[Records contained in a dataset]
···
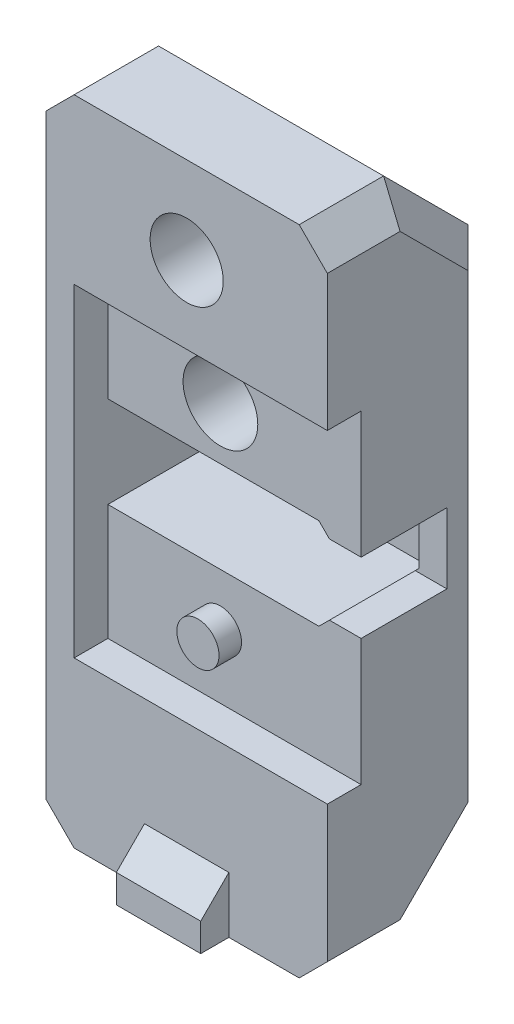
SolidWorks part; units mm, degrees
ref_plane "Front Plane" through (0, 0, 0) normal (0, 0, 1) x (1, 0, 0)
ref_plane "Top Plane" through (0, 0, 0) normal (0, 1, 0) x (1, 0, 0)
ref_plane "Right Plane" through (0, 0, 0) normal (1, 0, 0) x (0, 0, -1)
sketch "Sketch1" plane through (0, 0, 0) normal (0, 0, 1) x (1, 0, 0)
  line L0 (-9.1971, 11.5) -> (-9.1971, -11.5)
  line L3 (-11.1971, 23.1752) -> (8.8029, 23.1752)
  line L5 (-11.1971, -23.2072) -> (8.8029, -23.2072)
  line L6 (-9.1971, -11.5) -> (8.8029, -11.5)
  line L7 (-9.1971, 11.5) -> (8.8029, 11.5)
  line L8 (-11.1971, 23.1752) -> (-11.1971, -23.2072)
  line L9 (8.8029, 23.1752) -> (8.8029, -23.2072)
  circle A0 centre (-1.1971, 16.984) radius 2.6
  circle A4 centre (-1.1971, 7) radius 1.75
  circle A5 centre (-1.1971, 7) radius 3.25
  circle A7 centre (-1.1971, 0) radius 2.75
  dimension "D1" = 5.5
  dimension "D2" = 3.5
  dimension "D3" = 7
extrude "Boss-Extrude2" add sketch "Sketch1" along normal blind 2
sketch "Sketch2" plane through (0, 0, 2) normal (0, 0, 1) x (1, 0, 0)
  line L0 (-11.1971, -23.2072) -> (8.8029, -23.2072) construction
  line L1 (8.8029, 23.1752) -> (8.8029, -23.2072) construction
  line L2 (-11.1971, 23.1752) -> (8.8029, 23.1752) construction
  line L3 (-11.1971, 23.1752) -> (-11.1971, -23.2072) construction
  line L4 (-9.1971, -11.5) -> (8.8029, -11.5) construction
  line L5 (-9.1971, 11.5) -> (-9.1971, -11.5) construction
  line L6 (-9.1971, 11.5) -> (8.8029, 11.5) construction
  line L7 (-11.1971, -23.2072) -> (8.8029, -23.2072)
  line L8 (8.8029, 23.1752) -> (8.8029, -23.2072)
  line L9 (-11.1971, 23.1752) -> (8.8029, 23.1752)
  line L10 (-11.1971, 23.1752) -> (-11.1971, -23.2072)
  line L11 (-9.1971, -11.5) -> (8.8029, -11.5)
  line L12 (-9.1971, 11.5) -> (-9.1971, -11.5)
  line L13 (-9.1971, 11.5) -> (8.8029, 11.5)
  circle A1 centre (-1.1971, 16.984) radius 2.6 construction
  circle A3 centre (-1.1971, 7) radius 3.25 construction
  circle A4 centre (-1.1971, 7) radius 1.75 construction
  circle A8 centre (-1.1971, 16.984) radius 2.6
  circle A10 centre (-1.1971, 7) radius 3.25
  circle A11 centre (-1.1971, 7) radius 1.75
extrude "Boss-Extrude3" add sketch "Sketch2" along normal blind 10
sketch "Sketch3" plane through (0, 0, 2) normal (0, 0, 1) x (1, 0, 0)
  line L0 (-9.1971, 0) -> (8.8029, 0) construction
  line L3 (-9.1971, 11.5) -> (-9.1971, -11.5) construction
  line L5 (-9.1971, 11.5) -> (-9.1971, -11.5) construction
  line L6 (-9.1971, 11.5) -> (8.8029, 11.5) construction
  line L7 (8.8029, 3.25) -> (8.8029, 0)
  line L8 (8.8029, -3.25) -> (8.8029, -11.5)
  line L9 (-9.1971, -3.25) -> (8.8029, -3.25)
  line L10 (-9.1971, -11.5) -> (8.8029, -11.5)
  line L11 (-9.1971, -11.5) -> (-9.1971, -3.25)
  line L12 (-9.1971, 11.5) -> (-9.1971, 3.25)
  line L13 (-9.1971, 11.5) -> (8.8029, 11.5)
  line L14 (-9.1971, 3.25) -> (8.8029, 3.25)
  line L15 (8.8029, 3.25) -> (8.8029, 11.5)
  circle A1 centre (-1.1971, 16.984) radius 2.6 construction
  circle A2 centre (-1.1971, -7) radius 1.75
  circle A4 centre (-1.1971, 7) radius 1.75 construction
  circle A8 centre (-1.1971, 16.984) radius 2.6
  circle A11 centre (-1.1971, 7) radius 1.75
  dimension "D1" = 6.5
sketch "Sketch4" plane through (0, 0, 0) normal (0, 0, -1) x (-1, 0, 0)
  circle A0 centre (1.1971, 7) radius 1.75
  dimension "D1" = 3.5
extrude "Boss-Extrude5" add sketch "Sketch4" against normal blind 2
sketch "Sketch5" plane through (0, 0, 0) normal (0, 0, -1) x (-1, 0, 0)
  circle A0 centre (1.1971, 16.984) radius 4.5
  dimension "D1" = 9
extrude "Cut-Extrude1" cut sketch "Sketch5" against normal blind 5
extrude "Boss-Extrude9" add sketch "Sketch3" along normal blind 7.6
sketch "Sketch8" plane through (0, 0, 9.6) normal (0, 0, 1) x (1, 0, 0)
  circle A0 centre (-1.1971, 7) radius 2.55
  dimension "D1" = 5.1
extrude "Cut-Extrude3" cut sketch "Sketch8" against normal blind 3.8
chamfer "Chamfer5" distance 0.105 distance2 3.8 1 edges at (1.3529, 7, 9.6) first distance on face at (1.3529, 7, 9.6)
chamfer "Chamfer6" distance 6 angle 45 2 edges at (-1.1971, 23.1752, 0) (-1.1971, -23.2072, 0)
chamfer "Chamfer7" distance 2 angle 45 10 edges at (-11.1971, 23.1752, 9) (-11.1971, -23.2072, 9) (-11.1971, -20.2072, 3) (-11.1971, -0.016, 0) (-11.1971, 20.1752, 3) (8.8029, 23.1752, 9) (8.8029, -23.2072, 9) (8.8029, -20.2072, 3) (8.8029, 20.1752, 3) (8.8029, -0.016, 0)
sketch "Sketch9" plane through (0, 0, 2) normal (0, 0, 1) x (1, 0, 0)
  line L0 (8.8029, 3.25) -> (8.8029, -3.25)
  line L1 (8.8029, -3.25) -> (6.8029, -3.25)
  line L2 (-9.1971, -3.25) -> (8.8029, -3.25) construction
  line L3 (6.8029, -3.25) -> (6.8029, 3.25)
  line L4 (-9.1971, 3.25) -> (8.8029, 3.25) construction
  line L5 (6.8029, 3.25) -> (8.8029, 3.25)
  dimension "D1" = 2
extrude "Boss-Extrude10" add sketch "Sketch9" along normal blind 1.5
sketch "Sketch10" plane through (0, 0, 3.5) normal (0, 0, 1) x (1, 0, 0)
  line L0 (8.8029, 3.25) -> (6.8029, 3.25)
  line L1 (6.8029, 3.25) -> (6.8029, 2.5)
  line L2 (6.8029, 3.25) -> (6.8029, -3.25) construction
  line L3 (6.8029, 2.5) -> (8.8029, 2.5)
  line L4 (8.8029, -3.25) -> (8.8029, 3.25) construction
  line L5 (8.8029, 2.5) -> (8.8029, 3.25)
  line L10 (-9.1971, 0) -> (8.8029, 0) construction
  line L11 (-9.1971, 11.5) -> (-9.1971, -11.5) construction
  line L12 (8.8029, -2.5) -> (8.8029, -3.25)
  line L13 (6.8029, -2.5) -> (8.8029, -2.5)
  line L14 (6.8029, -3.25) -> (6.8029, -2.5)
  line L15 (8.8029, -3.25) -> (6.8029, -3.25)
  dimension "D1" = 0.75
extrude "Boss-Extrude11" add sketch "Sketch10" along normal up to surface (6.1 mm away) up to face at (1.4579, 7, 9.6)
chamfer "Chamfer8" distance 1 angle 45 3 edges at (6.8029, -3.25, 5.8) (6.8029, 0, 2) (6.8029, 3.25, 5.8)
sketch "Sketch13" plane through (0, 0, 2) normal (0, 0, 1) x (1, 0, 0)
  circle A0 centre (-1.1971, -7) radius 1.876
extrude "Boss-Extrude14" add sketch "Sketch13" along normal up to surface (7.6 mm away) up to face at (1.9279, -5.75, 9.6)
sketch "Sketch12" plane through (0, 0, 9.6) normal (0, 0, 1) x (1, 0, 0)
  circle A1 centre (-1.1971, -7) radius 1.5
  dimension "D1" = 3
  dimension "D2" = 7
extrude "Boss-Extrude15" add sketch "Sketch12" along normal blind 1.6
sketch "Sketch14" plane through (0, 0, 12) normal (0, 0, 1) x (1, 0, 0)
  line L0 (-1.1971, 23.1752) -> (-1.1971, -23.2072) construction
  line L1 (6.8029, 23.1752) -> (-9.1971, 23.1752) construction
  line L2 (-9.1971, -23.2072) -> (6.8029, -23.2072) construction
  line L3 (1.8029, -19.2072) -> (1.8029, -23.2072)
  line L16 (-4.1971, -19.2072) -> (-4.1971, -23.2072)
  line L17 (-4.1971, -23.2072) -> (1.8029, -23.2072)
  line L18 (-4.1971, -19.2072) -> (1.8029, -19.2072)
  line L20 (-4.1971, 23.1752) -> (-4.1971, -23.2072) construction
  line L21 (1.8029, 23.1752) -> (1.8029, -23.2072) construction
  dimension "D1" = 3
  dimension "D2" = 3
  dimension "D3" = 4
extrude "Boss-Extrude16" add sketch "Sketch14" along normal blind 2
chamfer "Chamfer9" distance 2 angle 45 1 edges at (-1.1971, -19.2072, 14)
···
Work instruction – Make an exact copy of the records from their first line through the line containing "line L9 (8.8029, 23.1752)", both ends included, with the pictures omitted.

Answer section –
SolidWorks part; units mm, degrees
ref_plane "Front Plane" through (0, 0, 0) normal (0, 0, 1) x (1, 0, 0)
ref_plane "Top Plane" through (0, 0, 0) normal (0, 1, 0) x (1, 0, 0)
ref_plane "Right Plane" through (0, 0, 0) normal (1, 0, 0) x (0, 0, -1)
sketch "Sketch1" plane through (0, 0, 0) normal (0, 0, 1) x (1, 0, 0)
  line L0 (-9.1971, 11.5) -> (-9.1971, -11.5)
  line L3 (-11.1971, 23.1752) -> (8.8029, 23.1752)
  line L5 (-11.1971, -23.2072) -> (8.8029, -23.2072)
  line L6 (-9.1971, -11.5) -> (8.8029, -11.5)
  line L7 (-9.1971, 11.5) -> (8.8029, 11.5)
  line L8 (-11.1971, 23.1752) -> (-11.1971, -23.2072)
  line L9 (8.8029, 23.1752) -> (8.8029, -23.2072)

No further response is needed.